▸ Work task
Repeat exactly the lines that run from the start of the records below to the line with "#37=LINE('',#36,#35);", including both of those lines but not the pictures.

▸ Data for analysis
________________
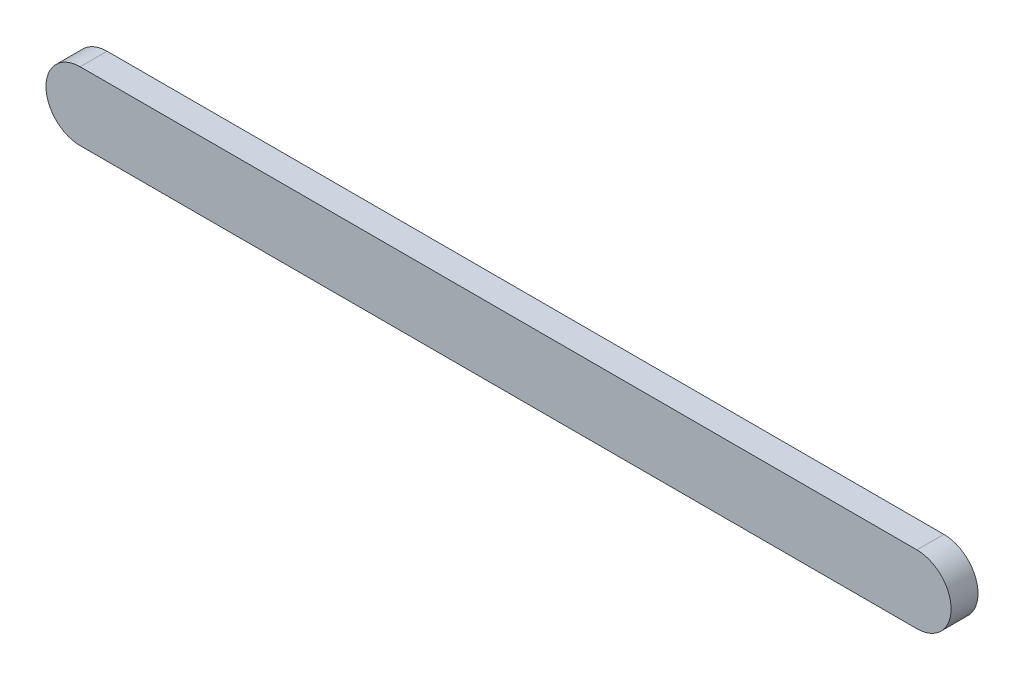
ISO-10303-21;
HEADER;
FILE_DESCRIPTION(('STEP AP214'),'2;1');
FILE_NAME('part.step','',(''),(''),'','','');
FILE_SCHEMA(('AUTOMOTIVE_DESIGN { 1 0 10303 214 1 1 1 1 }'));
ENDSEC;
DATA;
#1=APPLICATION_CONTEXT('core data for automotive mechanical design processes');
#2=APPLICATION_PROTOCOL_DEFINITION('international standard','automotive_design',2000,#1);
#3=PRODUCT_CONTEXT('',#1,'mechanical');
#4=PRODUCT('Part','Part','',(#3));
#5=PRODUCT_RELATED_PRODUCT_CATEGORY('part','',(#4));
#6=PRODUCT_DEFINITION_FORMATION('','',#4);
#7=PRODUCT_DEFINITION_CONTEXT('part definition',#1,'design');
#8=PRODUCT_DEFINITION('design','',#6,#7);
#9=PRODUCT_DEFINITION_SHAPE('','',#8);
#10=(LENGTH_UNIT() NAMED_UNIT(*) SI_UNIT(.MILLI.,.METRE.));
#11=(NAMED_UNIT(*) PLANE_ANGLE_UNIT() SI_UNIT($,.RADIAN.));
#12=(NAMED_UNIT(*) SI_UNIT($,.STERADIAN.) SOLID_ANGLE_UNIT());
#13=UNCERTAINTY_MEASURE_WITH_UNIT(LENGTH_MEASURE(1.E-05),#10,'distance_accuracy_value','');
#14=(GEOMETRIC_REPRESENTATION_CONTEXT(3) GLOBAL_UNCERTAINTY_ASSIGNED_CONTEXT((#13)) GLOBAL_UNIT_ASSIGNED_CONTEXT((#10,
#11,#12)) REPRESENTATION_CONTEXT('',''));
#15=CARTESIAN_POINT('',(0.,0.,0.));
#16=DIRECTION('',(0.,0.,1.));
#17=DIRECTION('',(1.,0.,0.));
#18=AXIS2_PLACEMENT_3D('',#15,#16,#17);
#19=CARTESIAN_POINT('',(127.57300114,119.69900114,0.));
#20=DIRECTION('',(0.,1.,0.));
#21=DIRECTION('',(1.,0.,0.));
#22=AXIS2_PLACEMENT_3D('',#19,#20,#21);
#23=PLANE('',#22);
#24=DIRECTION('',(1.,0.,0.));
#25=VECTOR('',#24,1.);
#26=CARTESIAN_POINT('',(127.57300114,119.69900114,0.1999996));
#27=LINE('',#26,#25);
#28=CARTESIAN_POINT('',(127.57300114,119.69900114,0.1999996));
#29=VERTEX_POINT('',#28);
#30=CARTESIAN_POINT('',(133.79299886,119.69900114,0.1999996));
#31=VERTEX_POINT('',#30);
#32=EDGE_CURVE('E11',#29,#31,#27,.T.);
#33=ORIENTED_EDGE('',*,*,#32,.F.);
#34=DIRECTION('',(0.,0.,1.));
#35=VECTOR('',#34,1.);
#36=CARTESIAN_POINT('',(127.57300114,119.69900114,0.));
#37=LINE('',#36,#35);
#38=CARTESIAN_POINT('',(127.57300114,119.69900114,0.));
#39=VERTEX_POINT('',#38);
#40=EDGE_CURVE('E24',#39,#29,#37,.T.);
#41=ORIENTED_EDGE('',*,*,#40,.F.);
#42=DIRECTION('',(1.,0.,0.));
#43=VECTOR('',#42,1.);
#44=CARTESIAN_POINT('',(127.57300114,119.69900114,0.));
#45=LINE('',#44,#43);
#46=CARTESIAN_POINT('',(133.79299886,119.69900114,0.));
#47=VERTEX_POINT('',#46);
#48=EDGE_CURVE('E75',#39,#47,#45,.T.);
#49=ORIENTED_EDGE('',*,*,#48,.T.);
#50=DIRECTION('',(0.,0.,1.));
#51=VECTOR('',#50,1.);
#52=CARTESIAN_POINT('',(133.79299886,119.69900114,0.));
#53=LINE('',#52,#51);
#54=EDGE_CURVE('E37',#47,#31,#53,.T.);
#55=ORIENTED_EDGE('',*,*,#54,.T.);
#56=EDGE_LOOP('',(#33,#41,#49,#55));
#57=FACE_BOUND('',#56,.T.);
#58=ADVANCED_FACE('F17',(#57),#23,.F.);
#59=CARTESIAN_POINT('',(133.79299886,119.95300114,0.));
#60=DIRECTION('',(0.,0.,-1.));
#61=DIRECTION('',(0.,-1.,0.));
#62=AXIS2_PLACEMENT_3D('',#59,#60,#61);
#63=CYLINDRICAL_SURFACE('',#62,0.254);
#64=CARTESIAN_POINT('',(133.79299886,119.95300114,0.1999996));
#65=DIRECTION('',(0.,0.,1.));
#66=DIRECTION('',(0.,-1.,0.));
#67=AXIS2_PLACEMENT_3D('',#64,#65,#66);
#68=CIRCLE('',#67,0.254);
#69=CARTESIAN_POINT('',(133.79299886,120.20700114,0.1999996));
#70=VERTEX_POINT('',#69);
#71=EDGE_CURVE('E83',#31,#70,#68,.T.);
#72=ORIENTED_EDGE('',*,*,#71,.F.);
#73=ORIENTED_EDGE('',*,*,#54,.F.);
#74=CARTESIAN_POINT('',(133.79299886,119.95300114,0.));
#75=DIRECTION('',(0.,0.,1.));
#76=DIRECTION('',(0.,-1.,0.));
#77=AXIS2_PLACEMENT_3D('',#74,#75,#76);
#78=CIRCLE('',#77,0.254);
#79=CARTESIAN_POINT('',(133.79299886,120.20700114,0.));
#80=VERTEX_POINT('',#79);
#81=EDGE_CURVE('E81',#47,#80,#78,.T.);
#82=ORIENTED_EDGE('',*,*,#81,.T.);
#83=DIRECTION('',(0.,0.,1.));
#84=VECTOR('',#83,1.);
#85=CARTESIAN_POINT('',(133.79299886,120.20700114,0.));
#86=LINE('',#85,#84);
#87=EDGE_CURVE('E67',#80,#70,#86,.T.);
#88=ORIENTED_EDGE('',*,*,#87,.T.);
#89=EDGE_LOOP('',(#72,#73,#82,#88));
#90=FACE_BOUND('',#89,.T.);
#91=ADVANCED_FACE('F89',(#90),#63,.T.);
#92=CARTESIAN_POINT('',(133.79299886,120.20700114,0.));
#93=DIRECTION('',(0.,-1.,0.));
#94=DIRECTION('',(-1.,0.,0.));
#95=AXIS2_PLACEMENT_3D('',#92,#93,#94);
#96=PLANE('',#95);
#97=DIRECTION('',(-1.,0.,0.));
#98=VECTOR('',#97,1.);
#99=CARTESIAN_POINT('',(133.79299886,120.20700114,0.1999996));
#100=LINE('',#99,#98);
#101=CARTESIAN_POINT('',(127.57300114,120.20700114,0.1999996));
#102=VERTEX_POINT('',#101);
#103=EDGE_CURVE('E71',#70,#102,#100,.T.);
#104=ORIENTED_EDGE('',*,*,#103,.F.);
#105=ORIENTED_EDGE('',*,*,#87,.F.);
#106=DIRECTION('',(-1.,0.,0.));
#107=VECTOR('',#106,1.);
#108=CARTESIAN_POINT('',(133.79299886,120.20700114,0.));
#109=LINE('',#108,#107);
#110=CARTESIAN_POINT('',(127.57300114,120.20700114,0.));
#111=VERTEX_POINT('',#110);
#112=EDGE_CURVE('E63',#80,#111,#109,.T.);
#113=ORIENTED_EDGE('',*,*,#112,.T.);
#114=DIRECTION('',(0.,0.,1.));
#115=VECTOR('',#114,1.);
#116=CARTESIAN_POINT('',(127.57300114,120.20700114,0.));
#117=LINE('',#116,#115);
#118=EDGE_CURVE('E53',#111,#102,#117,.T.);
#119=ORIENTED_EDGE('',*,*,#118,.T.);
#120=EDGE_LOOP('',(#104,#105,#113,#119));
#121=FACE_BOUND('',#120,.T.);
#122=ADVANCED_FACE('F66',(#121),#96,.F.);
#123=CARTESIAN_POINT('',(127.57300114,119.95300114,0.));
#124=DIRECTION('',(0.,0.,-1.));
#125=DIRECTION('',(0.,1.,0.));
#126=AXIS2_PLACEMENT_3D('',#123,#124,#125);
#127=CYLINDRICAL_SURFACE('',#126,0.254000000000005);
#128=CARTESIAN_POINT('',(127.57300114,119.95300114,0.1999996));
#129=DIRECTION('',(0.,0.,1.));
#130=DIRECTION('',(0.,1.,0.));
#131=AXIS2_PLACEMENT_3D('',#128,#129,#130);
#132=CIRCLE('',#131,0.254000000000005);
#133=EDGE_CURVE('E59',#102,#29,#132,.T.);
#134=ORIENTED_EDGE('',*,*,#133,.F.);
#135=ORIENTED_EDGE('',*,*,#118,.F.);
#136=CARTESIAN_POINT('',(127.57300114,119.95300114,0.));
#137=DIRECTION('',(0.,0.,1.));
#138=DIRECTION('',(0.,1.,0.));
#139=AXIS2_PLACEMENT_3D('',#136,#137,#138);
#140=CIRCLE('',#139,0.254000000000005);
#141=EDGE_CURVE('E57',#111,#39,#140,.T.);
#142=ORIENTED_EDGE('',*,*,#141,.T.);
#143=ORIENTED_EDGE('',*,*,#40,.T.);
#144=EDGE_LOOP('',(#134,#135,#142,#143));
#145=FACE_BOUND('',#144,.T.);
#146=ADVANCED_FACE('F55',(#145),#127,.T.);
#147=CARTESIAN_POINT('',(127.57300114,119.69900114,0.));
#148=DIRECTION('',(0.,0.,-1.));
#149=DIRECTION('',(-1.,0.,0.));
#150=AXIS2_PLACEMENT_3D('',#147,#148,#149);
#151=PLANE('',#150);
#152=ORIENTED_EDGE('',*,*,#141,.F.);
#153=ORIENTED_EDGE('',*,*,#112,.F.);
#154=ORIENTED_EDGE('',*,*,#81,.F.);
#155=ORIENTED_EDGE('',*,*,#48,.F.);
#156=EDGE_LOOP('',(#152,#153,#154,#155));
#157=FACE_BOUND('',#156,.T.);
#158=ADVANCED_FACE('F74',(#157),#151,.T.);
#159=CARTESIAN_POINT('',(127.57300114,119.69900114,0.1999996));
#160=DIRECTION('',(0.,0.,-1.));
#161=DIRECTION('',(-1.,0.,0.));
#162=AXIS2_PLACEMENT_3D('',#159,#160,#161);
#163=PLANE('',#162);
#164=ORIENTED_EDGE('',*,*,#32,.T.);
#165=ORIENTED_EDGE('',*,*,#71,.T.);
#166=ORIENTED_EDGE('',*,*,#103,.T.);
#167=ORIENTED_EDGE('',*,*,#133,.T.);
#168=EDGE_LOOP('',(#164,#165,#166,#167));
#169=FACE_BOUND('',#168,.T.);
#170=ADVANCED_FACE('F91',(#169),#163,.F.);
#171=CLOSED_SHELL('',(#58,#91,#122,#146,#158,#170));
#172=MANIFOLD_SOLID_BREP('B1',#171);
#173=ADVANCED_BREP_SHAPE_REPRESENTATION('',(#18,#172),#14);
#174=SHAPE_DEFINITION_REPRESENTATION(#9,#173);
ENDSEC;
END-ISO-10303-21;
________________
▸ Response to this task
ISO-10303-21;
HEADER;
FILE_DESCRIPTION(('STEP AP214'),'2;1');
FILE_NAME('part.step','',(''),(''),'','','');
FILE_SCHEMA(('AUTOMOTIVE_DESIGN { 1 0 10303 214 1 1 1 1 }'));
ENDSEC;
DATA;
#1=APPLICATION_CONTEXT('core data for automotive mechanical design processes');
#2=APPLICATION_PROTOCOL_DEFINITION('international standard','automotive_design',2000,#1);
#3=PRODUCT_CONTEXT('',#1,'mechanical');
#4=PRODUCT('Part','Part','',(#3));
#5=PRODUCT_RELATED_PRODUCT_CATEGORY('part','',(#4));
#6=PRODUCT_DEFINITION_FORMATION('','',#4);
#7=PRODUCT_DEFINITION_CONTEXT('part definition',#1,'design');
#8=PRODUCT_DEFINITION('design','',#6,#7);
#9=PRODUCT_DEFINITION_SHAPE('','',#8);
#10=(LENGTH_UNIT() NAMED_UNIT(*) SI_UNIT(.MILLI.,.METRE.));
#11=(NAMED_UNIT(*) PLANE_ANGLE_UNIT() SI_UNIT($,.RADIAN.));
#12=(NAMED_UNIT(*) SI_UNIT($,.STERADIAN.) SOLID_ANGLE_UNIT());
#13=UNCERTAINTY_MEASURE_WITH_UNIT(LENGTH_MEASURE(1.E-05),#10,'distance_accuracy_value','');
#14=(GEOMETRIC_REPRESENTATION_CONTEXT(3) GLOBAL_UNCERTAINTY_ASSIGNED_CONTEXT((#13)) GLOBAL_UNIT_ASSIGNED_CONTEXT((#10,
#11,#12)) REPRESENTATION_CONTEXT('',''));
#15=CARTESIAN_POINT('',(0.,0.,0.));
#16=DIRECTION('',(0.,0.,1.));
#17=DIRECTION('',(1.,0.,0.));
#18=AXIS2_PLACEMENT_3D('',#15,#16,#17);
#19=CARTESIAN_POINT('',(127.57300114,119.69900114,0.));
#20=DIRECTION('',(0.,1.,0.));
#21=DIRECTION('',(1.,0.,0.));
#22=AXIS2_PLACEMENT_3D('',#19,#20,#21);
#23=PLANE('',#22);
#24=DIRECTION('',(1.,0.,0.));
#25=VECTOR('',#24,1.);
#26=CARTESIAN_POINT('',(127.57300114,119.69900114,0.1999996));
#27=LINE('',#26,#25);
#28=CARTESIAN_POINT('',(127.57300114,119.69900114,0.1999996));
#29=VERTEX_POINT('',#28);
#30=CARTESIAN_POINT('',(133.79299886,119.69900114,0.1999996));
#31=VERTEX_POINT('',#30);
#32=EDGE_CURVE('E11',#29,#31,#27,.T.);
#33=ORIENTED_EDGE('',*,*,#32,.F.);
#34=DIRECTION('',(0.,0.,1.));
#35=VECTOR('',#34,1.);
#36=CARTESIAN_POINT('',(127.57300114,119.69900114,0.));
#37=LINE('',#36,#35);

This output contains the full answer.